WaterAid's sanitation work

A pit latrine in rural Tanzania
A pit latrine in rural Tanzania.
Credit: WaterAid / Alex Macro

WaterAid, through its partners, helps communities plan and construct hygienic latrines.

We use technologies that are low cost and appropriate to local financial and geographical conditions.

These can be a variety of designs, using different materials with different costs. Yet, given a little technical help, all can be built and maintained by communities or families themselves.

In rural areas all of these latrines are pit latrines, usually lined to prevent collapse (unless they are shallow ecological sanitation latrines), covered with a concrete squat slab with a structure made of local materials built around it for privacy.

Outside simple washing facilities are also constructed so that users can wash their hands after using the latrines.

Why are latrines important?

Latrines are vital to provide a barrier to diseases carried in faecal matter. These pathogens can enter people's mouths via a number of routes including water, soil, flies and fingers. This is called the faecal-oral route.

When used in conjunction with hygiene education WaterAid technologies block this route and so reduce the likelihood of diseases being transmitted.

Types of latrine

WaterAid and its partners promote the following types of latrine in rural areas:

  • Dry pit latrines
  • Ventilated improved pit (VIP) latrines (that have vent pipes to take smells and disease carrying insects away from the latrines)
  • Pour flush latrines
  • Ecological sanitation (EcoSan) latrines (which safely renew human waste as compost)

Watch a film about EcoSan latrines in Mozambique here. 

Urban sanitation

Pit latrines are not always appropriate for use in urban areas.
Pit latrines are not always appropriate for use in urban areas.
Credit: WaterAid / Caroline Irby

In urban areas different solutions are often needed. Pit latrines can be inappropriate as they fill too quickly and the large numbers needed can eventually pollute underground water supplies.

In some cases septic tanks are used but where possible, we help community groups build sewerage systems that can be linked to the city's systems and treatment works.

We also help these groups to build and manage communal toilets and washing facilities.

However in all cases it is vitally important that latrines are used hygienically so that the maximum health benefits are maintained. A new latrine will only significantly reduce incidences of diarrhoea if:

  • Everyone uses the latrines so that no human waste is left in the open which can pollute the environment and water sources
  • Children's waste is disposed of safely
  • Latrines are properly maintained or cleaned
  • Hands are washed by everyone at all critical times including before eating, after going to the toilet and before preparing food
  • Food is thoroughly cleaned, properly stored and heated through to prevent the spread of germs

Because integrating water, sanitation and hygiene education is so essential we carry out all three of these elements in our projects.

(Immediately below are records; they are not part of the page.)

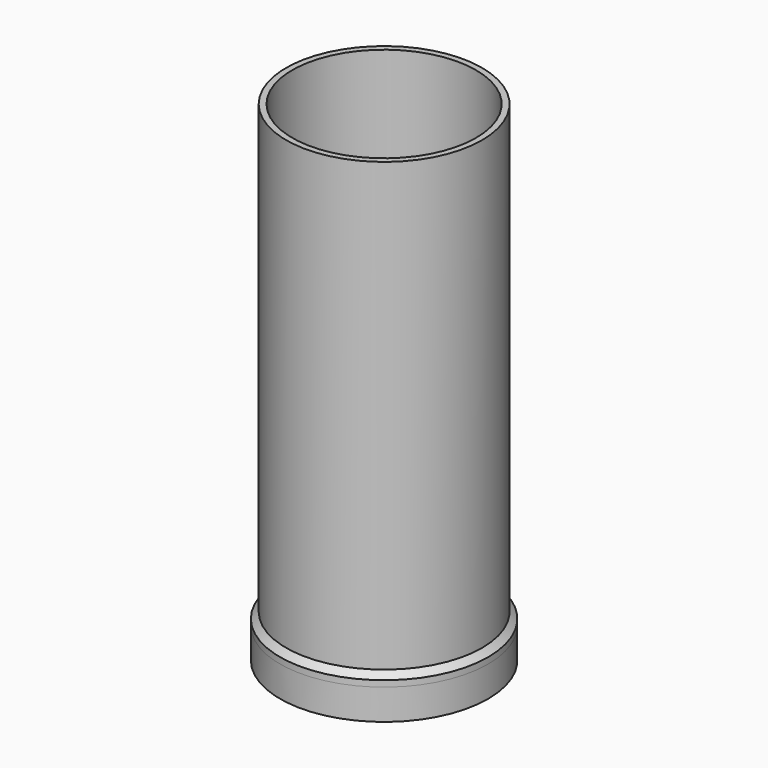
from build123d import *

# Parameters (mm, degrees)
F0_R     = 16
F0_R_2   = 15
F1_DEPTH = 75
F2_R     = 17
F2_R_2   = 16
F3_DEPTH = 5
F4_DEPTH = 2
F5_SIZE  = 0.99999
F6_SIZE  = 0.99999


# Not quite as in the source:
# - a fillet or chamfer is up to 0.001 mm smaller than in the source, because OpenCascade refuses the exact size


with BuildPart() as f1:
    # F0 (on Top) → F1 (new body)
    with BuildSketch(Plane.XY):
        Circle(F0_R)
        Circle(F0_R_2, mode=Mode.SUBTRACT)
    extrude(amount=-F1_DEPTH)

    # F5 (size 1 in the source; OpenCascade refuses exactly that, so slightly less here)
    f5_edges = [f1.edges().sort_by_distance(p)[0] for p in [
        (-15, 0, -75),
    ]]
    chamfer(f5_edges, length=F5_SIZE)


with BuildPart() as f3:
    # F2 (on face) → F3 (new body)
    with BuildSketch(Plane(origin=(0, 0, -75), x_dir=(1, 0, 0), z_dir=(0, 0, -1))):
        Circle(F2_R)
        Circle(F2_R_2, mode=Mode.SUBTRACT)
    extrude(amount=F3_DEPTH)


with BuildPart() as f4:
    # F4 (new): a face of the model
    f4_faces = [f3.part.faces().sort_by_distance(p)[0] for p in [
        (-16.5191673888, 0, -75),
    ]]
    extrude(f4_faces, amount=F4_DEPTH)

    # F6 (size 1 in the source; OpenCascade refuses exactly that, so slightly less here)
    f6_edges = [f4.edges().sort_by_distance(p)[0] for p in [
        (-17, 0, -73),
    ]]
    chamfer(f6_edges, length=F6_SIZE)


solid = Compound([f1.part, f3.part, f4.part])

Investments in water quality and quantity can reduce diarrhoeal diseases by 15%, whereas sanitation can reduce them by 36% and hygiene by 35%.

The wider view

On a personal scale, improved hygiene behaviour and sanitation services lead to better health. This in turn gives the poor more time to work to earn more money to support their families.

On a larger scale, improved water supply and sanitation infrastructure and services attract industries and investments into a community.

There is increasing recognition of the links between poverty and poor sanitation. At the World Summit on Sustainable Development in 2002, all UN Governments agreed to a target to halve the proportion of people without sanitation by 2015.

This is now one of the Millennium Development Goals set in an aim to halve world poverty by 2015.

The other targets on achieving universal primary education, reducing mortality rates for infants and children and reducing maternal mortality are unlikely to be met if the global sanitation problem is not addressed.